Work required:
Which of the lines in the records below hold the string "construction"? Copy every one of them.

[Information given]

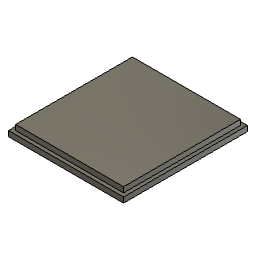
ensamble_pata (Autodesk Fusion 360 archive; units mm, degrees)
design "Tapa pata"
Autodesk Fusion 360 part; units mm, degrees
sketch "Sketch1" plane through (0, 0, 0) normal (0, 1, 0) x (1, 0, 0)
  line L0 (32.5, 35) -> (-32.5, 35)
  line L1 (-32.5, 35) -> (-32.5, -35)
  line L2 (-32.5, -35) -> (32.5, -35)
  line L3 (32.5, -35) -> (32.5, 35)
  line L4 (32.5, 35) -> (-32.5, -35) construction
  line L5 (-32.5, 35) -> (32.5, -35) construction
  dimension "d1" = 65
  dimension "d2" = 70
  constraint horizontal L0
  constraint perpendicular L0 L1
  constraint parallel L0 L2
  constraint parallel L1 L3
  constraint coincident L4 origin
  constraint coincident L5 origin
  measures "d1" distance of L1.end L2.end
  measures "d2" distance of L0.end L1.end
extrude "Extrude1" add sketch "Sketch1" along normal blind 3
sketch "Sketch2" plane through (0, 3, 0) normal (0, 1, 0) x (-1, 0, 0)
  line L0 (-32.5, 35) -> (-32.5, -35)
  line L1 (-32.5, -35) -> (32.5, -35)
  line L2 (32.5, -35) -> (32.5, 35)
  line L3 (32.5, 35) -> (-32.5, 35)
  line L4 (30.5, 33) -> (-30.5, 33)
  line L5 (-30.5, 33) -> (-30.5, -33)
  line L6 (-30.5, -33) -> (30.5, -33)
  line L7 (30.5, -33) -> (30.5, 33)
  line L8 (30.5, 33) -> (-30.5, -33) construction
  line L9 (-30.5, 33) -> (30.5, -33) construction
  dimension "d5" = 61
  dimension "d6" = 66
  constraint horizontal L4
  constraint perpendicular L4 L5
  constraint parallel L4 L6
  constraint parallel L5 L7
  constraint coincident L8 origin
  constraint coincident L9 origin
  measures "d5" distance of L5.end L6.end
  measures "d6" distance of L4.end L5.end
extrude "Extrude2" add sketch "Sketch2" along normal blind 3 contours L4 L5 L6 L7

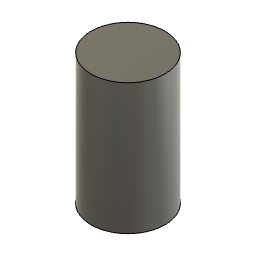
design "Pasador trasero"
Autodesk Fusion 360 part; units mm, degrees
sketch "Sketch1" plane through (0, 0, 0) normal (0, 1, 0) x (1, 0, 0)
  circle A0 centre (0, 0) radius 6
  dimension "d1" = 12
  constraint coincident A0.centre origin
  measures "d1" diameter of A0
extrude "Extrude1" add sketch "Sketch1" along normal blind 21.19

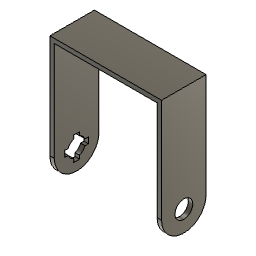
design "pierna"
Autodesk Fusion 360 part; units mm, degrees
sketch "Sketch1" plane through (0, 0, 0) normal (1, 0, 0) x (0, 1, 0)
  line L0 (0, 0) -> (30, 0)
  line L1 (30, 0) -> (30, 85)
  line L2 (30, 85) -> (0, 85)
  line L3 (0, 85) -> (0, 0)
  dimension "d1" = 30
  dimension "d32" = 85
  constraint horizontal L0
  constraint vertical L1
  constraint horizontal L2
  constraint vertical L3
  constraint coincident L0.start L3.end
  measures "d1" distance of L0.start L0.end
  measures "d32" distance of L0.start L2.end
extrude "Extrude1" add sketch "Sketch1" along normal blind 3
sketch "Sketch2" plane through (3, 0, 0) normal (1, 0, 0) x (0, 1, 0)
  line L0 (0, 85) -> (0, 0)
  line L1 (0, 0) -> (30, 0)
  line L2 (30, 0) -> (30, 85)
  line L3 (30, 85) -> (0, 85)
  point P0 (15, 11.8696)
  point P1 (15, 26.8696)
  dimension "d7" = 15
  measures "d7" distance of P0 P1
sketch "Sketch4" plane through (3, 0, 0) normal (1, 0, 0) x (0, 1, 0)
  line L0 (0, 85) -> (0, 0)
  line L1 (0, 0) -> (30, 0)
  line L2 (30, 0) -> (30, 85)
  line L3 (30, 85) -> (0, 85)
  circle A0 centre (15, 14) radius 6
  line L4 (17, 22) -> (13, 22)
  line L5 (13, 22) -> (13, 19.6569)
  line L6 (17, 19.6569) -> (17, 22)
  line L7 (17, 22) -> (13, 18) construction
  line L8 (13, 22) -> (17, 18) construction
  line L9 (7, 12) -> (9.3431, 12)
  line L10 (7, 16) -> (7, 12)
  line L11 (9.3431, 16) -> (7, 16)
  line L12 (17, 6) -> (17, 8.3431)
  line L13 (13, 6) -> (17, 6)
  line L14 (13, 8.3431) -> (13, 6)
  line L15 (23, 16) -> (20.6569, 16)
  line L16 (23, 12) -> (23, 16)
  line L17 (20.6569, 12) -> (23, 12)
  point P0 (15, 20)
  dimension "d16" = 12
  dimension "d17" = 14
  dimension "d18" = 15
  dimension "d19" = 4
  dimension "d20" = 4
  dimension "d22" = 360
  dimension "d23" = 2
  dimension "d24" = 8
  dimension "d25" = 2
  constraint horizontal L4
  constraint perpendicular L4 L5
  constraint parallel L5 L6
  constraint coincident L7 P0
  constraint coincident L8 P0
  constraint coincident A0 P0
  constraint coincident A0 L5.end
  constraint coincident A0 L6.start
  constraint perpendicular L7 L8
  measures "d16" diameter of A0
  measures "d17" vertical distance of L0.end A0.centre
  measures "d18" horizontal distance of L0.end A0.centre
  measures "d19" distance of L7.end L8.end
  measures "d20" distance of L4.end L7.end
  measures "d23" distance of L6 P0
  measures "d24" distance of A0.centre L4
  measures "d25" distance of L4 P0
extrude "Extrude3" cut sketch "Sketch4" against normal blind 3 contours A0 | A0 L15 L16 L17 | A0 L4 L5 L6 | A0 L12 L13 L14 | A0 L9 L10 L11
sketch "Sketch5" plane through (0, 0, 85) normal (0, 0, 1) x (-1, 0, 0)
  line L0 (0, -30) -> (0, 0)
  line L1 (0, 0) -> (-3, 0)
  line L2 (-3, 0) -> (-3, -30)
  line L3 (-3, -30) -> (0, -30)
  line L4 (0, -30) -> (-75.29, -30)
  line L5 (-75.29, -30) -> (-75.29, 0)
  line L6 (-75.29, 0) -> (0, 0)
  line L7 (0, 0) -> (0, -30)
  dimension "d28" = 75.29
  dimension "d29" = 30
  constraint horizontal L4
  constraint vertical L5
  constraint horizontal L6
  constraint vertical L7
  constraint coincident L0.start L3.end
  measures "d28" distance of L0.start L4.end
  measures "d29" distance of L0.start L0.end
extrude "Extrude4" add sketch "Sketch5" against normal blind 3 contours L2 L4 L5 L6
fillet "Fillet1" radius 15 2 edges at (1.5, 0, 0) (1.5, 30, 0)
sketch "Sketch6" plane through (0, 0, 82) normal (0, 0, -1) x (1, 0, 0)
  line L0 (75.29, -30) -> (75.29, 0)
  line L1 (75.29, 0) -> (3, 0)
  line L2 (3, 0) -> (3, -30)
  line L3 (3, -30) -> (75.29, -30)
  line L4 (75.29, 0) -> (72.29, 0)
  line L5 (72.29, 0) -> (72.29, -30)
  line L6 (72.29, -30) -> (75.29, -30)
  line L7 (75.29, -30) -> (75.29, 0)
  dimension "d37" = 3
  constraint horizontal L4
  constraint vertical L5
  constraint horizontal L6
  constraint vertical L7
  constraint coincident L0.end L1.start
  measures "d37" distance of L0.end L4.end
extrude "Extrude5" add sketch "Sketch6" along normal blind 82 contours L0 L1 L3 L4 L5 L6 L7
fillet "Fillet3" radius 15 2 edges at (73.79, 0, 0) (73.79, 30, 0)
sketch "Sketch7" plane through (75.29, 0, 0) normal (1, 0, 0) x (0, 1, 0)
  arc A0 (0, 15) -> (30, 15) centre (15, 15) ccw
  line L0 (30, 15) -> (30, 85)
  line L1 (30, 85) -> (0, 85)
  line L2 (0, 85) -> (0, 15)
  circle A1 centre (15, 14) radius 6
  dimension "d42" = 15
  dimension "d43" = 14
  dimension "d44" = 12
  measures "d42" horizontal distance of A1.centre origin
  measures "d43" vertical distance of A1.centre origin
  measures "d44" diameter of A1
extrude "Extrude6" cut sketch "Sketch7" against normal blind 10 contours A1

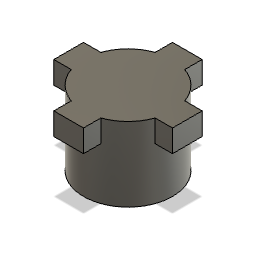
design "eje_pata"
Autodesk Fusion 360 part; units mm, degrees
sketch "Sketch1" plane through (0, 0, 0) normal (0, 1, 0) x (1, 0, 0)
  circle A0 centre (0, 0) radius 6
  dimension "d1" = 12
  constraint coincident A0.centre origin
  measures "d1" diameter of A0
extrude "Extrude1" add sketch "Sketch1" along normal blind 10
sketch "Sketch2" plane through (0, 10, 0) normal (0, 1, 0) x (-1, 0, 0)
  circle A0 centre (0, 0) radius 6
  line L0 (2, -8) -> (-2, -8)
  line L1 (-2, -8) -> (-2, -5.6569)
  line L2 (2, -5.6569) -> (2, -8)
  arc A1 (-2, -5.6569) -> (2, -5.6569) centre (0, 0) ccw
  dimension "d4" = 8
  dimension "d5" = 4
  dimension "d7" = 2
  constraint horizontal L0
  constraint vertical L1
  constraint vertical L2
  constraint coincident A0 L2.start
  constraint coincident A0 L1.end
  constraint coincident A0.centre A1.centre
  measures "d4" distance of A0.centre L0
  measures "d5" distance of L1 L2
  measures "d7" distance of A0.centre L1
extrude "Extrude2" add sketch "Sketch2" against normal blind 3 contours A0 L0 L1 L2 A1
pattern_circular "C-Pattern1" count 4 over 360 about axis through (0, 1.75, 0) along (0, 1, 0) of "Extrude2"

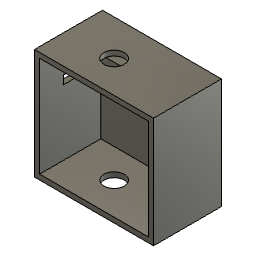
design "base_pata"
Autodesk Fusion 360 part; units mm, degrees
sketch "Sketch1" plane through (0, 0, 0) normal (0, 0, 1) x (1, 0, 0)
  line L0 (0, 0) -> (70, 0)
  line L1 (70, 0) -> (70, 65)
  line L2 (70, 65) -> (0, 65)
  line L3 (0, 65) -> (0, 0)
  dimension "d1_1" = 70
  dimension "d2_1" = 65
  constraint horizontal L0
  constraint vertical L1
  constraint horizontal L2
  constraint vertical L3
  constraint coincident L0.start L3.end
  measures "d1_1" distance of L0.start L0.end
  measures "d2_1" distance of L0.start L2.end
extrude "Extrude1" add sketch "Sketch1" along normal blind 40
shell "Shell1" thickness 3 removed faces 1 at (23.3333, 43.3333, 40)
sketch "Sketch3" plane through (0, 0, 3) normal (0, 0, 1) x (-1, 0, 0)
  line L0 (-3, -3) -> (-67, -3)
  line L1 (-67, -3) -> (-67, -62)
  line L2 (-67, -62) -> (-3, -62)
  line L3 (-3, -62) -> (-3, -3)
  line L4 (-10, -52.9161) -> (-60, -52.9161)
  line L5 (-60, -52.9161) -> (-60, -10)
  line L6 (-60, -10) -> (-10, -10)
  line L7 (-10, -10) -> (-10, -52.9161)
  dimension "d13" = 7
  dimension "d14" = 7
  dimension "d15" = 50
  constraint horizontal L4
  constraint vertical L5
  constraint horizontal L6
  constraint vertical L7
  measures "d13" distance of L0 L6
  measures "d14" distance of L3 L7
  measures "d15" distance of L5.end L6.end
extrude "Extrude2" add sketch "Sketch3" along normal blind 8 contours L4 L5 L6 L7
sketch "Sketch4" plane through (0, 0, 0) normal (0, -1, 0) x (1, 0, 0)
  line L0 (0, 0) -> (70, 0)
  line L1 (70, 0) -> (70, 40)
  line L2 (70, 40) -> (0, 40)
  line L3 (0, 40) -> (0, 0)
  circle A0 centre (28, 21.15) radius 6
  dimension "d8" = 21.15
  dimension "d9" = 28
  dimension "d10" = 12
  measures "d8" vertical distance of L0.start A0.centre
  measures "d9" horizontal distance of L0.start A0.centre
  measures "d10" diameter of A0
extrude "Extrude3" cut sketch "Sketch4" against normal blind 65 contours A0
sketch "Sketch5" plane through (0, 0, 0) normal (-1, 0, 0) x (0, 0, 1)
  line L0 (0, 65) -> (0, 0)
  line L1 (0, 0) -> (40, 0)
  line L2 (40, 0) -> (40, 65)
  line L3 (40, 65) -> (0, 65)
  line L4 (16, 46.5) -> (26, 46.5)
  line L5 (26, 46.5) -> (26, 41.5)
  line L6 (26, 41.5) -> (16, 41.5)
  line L7 (16, 41.5) -> (16, 46.5)
  dimension "d16" = 16
  dimension "d17" = 18.5
  dimension "d18" = 10
  dimension "d19" = 5
  constraint horizontal L4
  constraint vertical L5
  constraint horizontal L6
  constraint vertical L7
  measures "d16" horizontal distance of L0.start L4.start
  measures "d17" vertical distance of L0.start L4.start
  measures "d18" distance of L4.start L4.end
  measures "d19" distance of L4.start L6.end
extrude "Extrude4" cut sketch "Sketch5" against normal blind 3 contours L4 L5 L6 L7
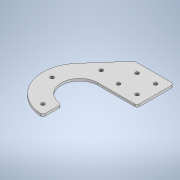
# Autodesk Inventor part: hook v2
Saved by Autodesk Inventor 2022.2 (Build 262287010, 287A)
## iProperties
Created: 2022-01-25
Part Number: hook v2
Material: Generic
Document SubType Name: Modeling
Designer: Robotics
Density: 1 g/cm^3
Appearance: Default
Author: Robotics
Autodesk Inventor part; units mm, degrees
ref_plane "YZ Plane" through (0, 0, 0) normal (1, 0, 0) x (0, 1, 0)
ref_plane "XZ Plane" through (0, 0, 0) normal (0, 1, 0) x (-1, 0, 0)
ref_plane "XY Plane" through (0, 0, 0) normal (0, 0, 1) x (1, 0, 0)
sketch "Sketch3" plane through (0, 0, 0) normal (0, 1, 0) x (-1, 0, 0)
  arc A0 (0, 0) -> (-0.5498, 50.794) centre (-0.5498, 25.394) ccw
  arc A1 (37.5561, -8.2003) -> (-0.5498, 76.194) centre (-0.5498, 25.394) ccw
  line L0 (0, 0) -> (-53.975, 0)
  line L1 (-53.975, 0) -> (-53.975, -50.8)
  line L2 (-53.975, -50.8) -> (0, -50.8)
  line L3 (0, -50.8) -> (37.5561, -8.2003)
  line L4 (-0.5498, 76.194) -> (-0.5498, 50.794)
  line L5 (50.2502, 25.394) -> (37.5502, 25.394)
  circle A2 centre (37.5502, 25.394) radius 2.3812
  line L6 (24.8487, 25.6689) -> (12.1517, 25.394)
  line L7 (12.1517, 25.394) -> (12.1517, 85.7885)
  line L8 (12.1517, 85.7885) -> (12.1517, 25.394)
  line L9 (12.1517, 25.394) -> (12.1517, -39.1077)
  line L10 (-0.5498, 63.494) -> (12.1517, 63.494)
  line L11 (12.1517, 3.3979) -> (12.1517, -37.0164)
  line L12 (12.1517, -16.8093) -> (14.0122, -16.8093)
  circle A3 centre (12.1517, -16.8093) radius 2.3812
  circle A4 centre (12.1517, 63.494) radius 2.3812
  dimension "d19" = 25.4
  dimension "d20" = 25.4
  dimension "d21" = 53.975
  dimension "d22" = 50.8
  dimension "d23" = 53.975
  dimension "d39" = 12.7
  dimension "d40" = 4.7625
  dimension "d42" = 12.7
  dimension "d43" = 4.7625
  dimension "d44" = 4.7625
  constraints: 26 end point, 7 point on circle, 6 point on line, 5 centre point, 3 coincident, 3 horizontal, 3 perpendicular, 2 midpoint, 2 vertical, 1 collinear, 1 tangent
  measures "d19" radius of A0
  measures "d20" radial gap between concentric circles of A0 A1
  measures "d21" distance of L0.start L0.end
  measures "d22" distance of L0.end L1.end
  measures "d23" distance of L1.end L2.end
  measures "d39" distance of L5.start L5.end
  measures "d40" diameter of A2
  measures "d42" distance of L6.start L6.end
  measures "d43" diameter of A3
  measures "d44" diameter of A4
extrude "Extrusion3" add sketch "Sketch3" along normal blind 3.175 contours A0 L9 A3 L3 L2 L1 L0 | A2 | A0 L7 A4 A1 L3 L9 A3 | A3 L9 | L9 A3 | A0 L4 L10 A4 L7 | A4 L10 L7 | L7 A4 | L4 A1 L7 A4 L10 | L10 A4 L7
fillet "Fillet3" radius 3.175 5 edges at (0, 1.5875, -50.8) (53.975, 1.5875, -50.8) (53.975, 1.5875, 0) (0.5498, 1.5875, 50.794) (0.5498, 1.5875, 76.194)
sketch "Sketch4" plane through (0, 3.175, 0) normal (0, 1, 0) x (1, 0, 0)
  line L0 (53.975, 3.175) -> (53.975, 47.625) projected
  line L1 (53.975, 25.4) -> (41.275, 25.4)
  line L2 (41.275, 25.4) -> (41.275, 38.1)
  line L3 (41.275, 38.1) -> (41.275, 12.7)
  line L4 (41.275, 12.7) -> (15.875, 12.7)
  point P0 (0, 0)
  point P1 (15.875, 38.1)
  dimension "d27" = 12.7
  dimension "d28" = 12.7
  dimension "d29" = 25.4
  dimension "d30" = 25.4
  dimension "d31" = 25.4
  constraints: 8 end point, 2 perpendicular, 1 horizontal, 1 midpoint, 1 point on line
  measures "d27" distance of L1.start L1.end
  measures "d28" distance of L1.end L2.end
  measures "d29" distance of L2.end L3.end
  measures "d30" distance of L3.end L4.end
  measures "d31" distance of L4.end point (15.875, 38.1)
hole "Hole1" at (15.875, 3.175, -38.1) at (15.875, 3.175, -12.7) at (41.275, 3.175, -12.7) at (41.275, 3.175, -38.1) direction (0, -1, 0) diameter 4.7625 end through all
extrude "Extrusion4" cut sketch "Sketch3" along normal blind 3.175 contours A2 | A3 L9 | L9 A3 | A4 L10 L7 | L7 A4 | L10 A4 L7
body "Solid2"

[/Information given]

Task output:
  line L4 (32.5, 35) -> (-32.5, -35) construction
  line L5 (-32.5, 35) -> (32.5, -35) construction
  line L8 (30.5, 33) -> (-30.5, -33) construction
  line L9 (-30.5, 33) -> (30.5, -33) construction
  line L7 (17, 22) -> (13, 18) construction
  line L8 (13, 22) -> (17, 18) construction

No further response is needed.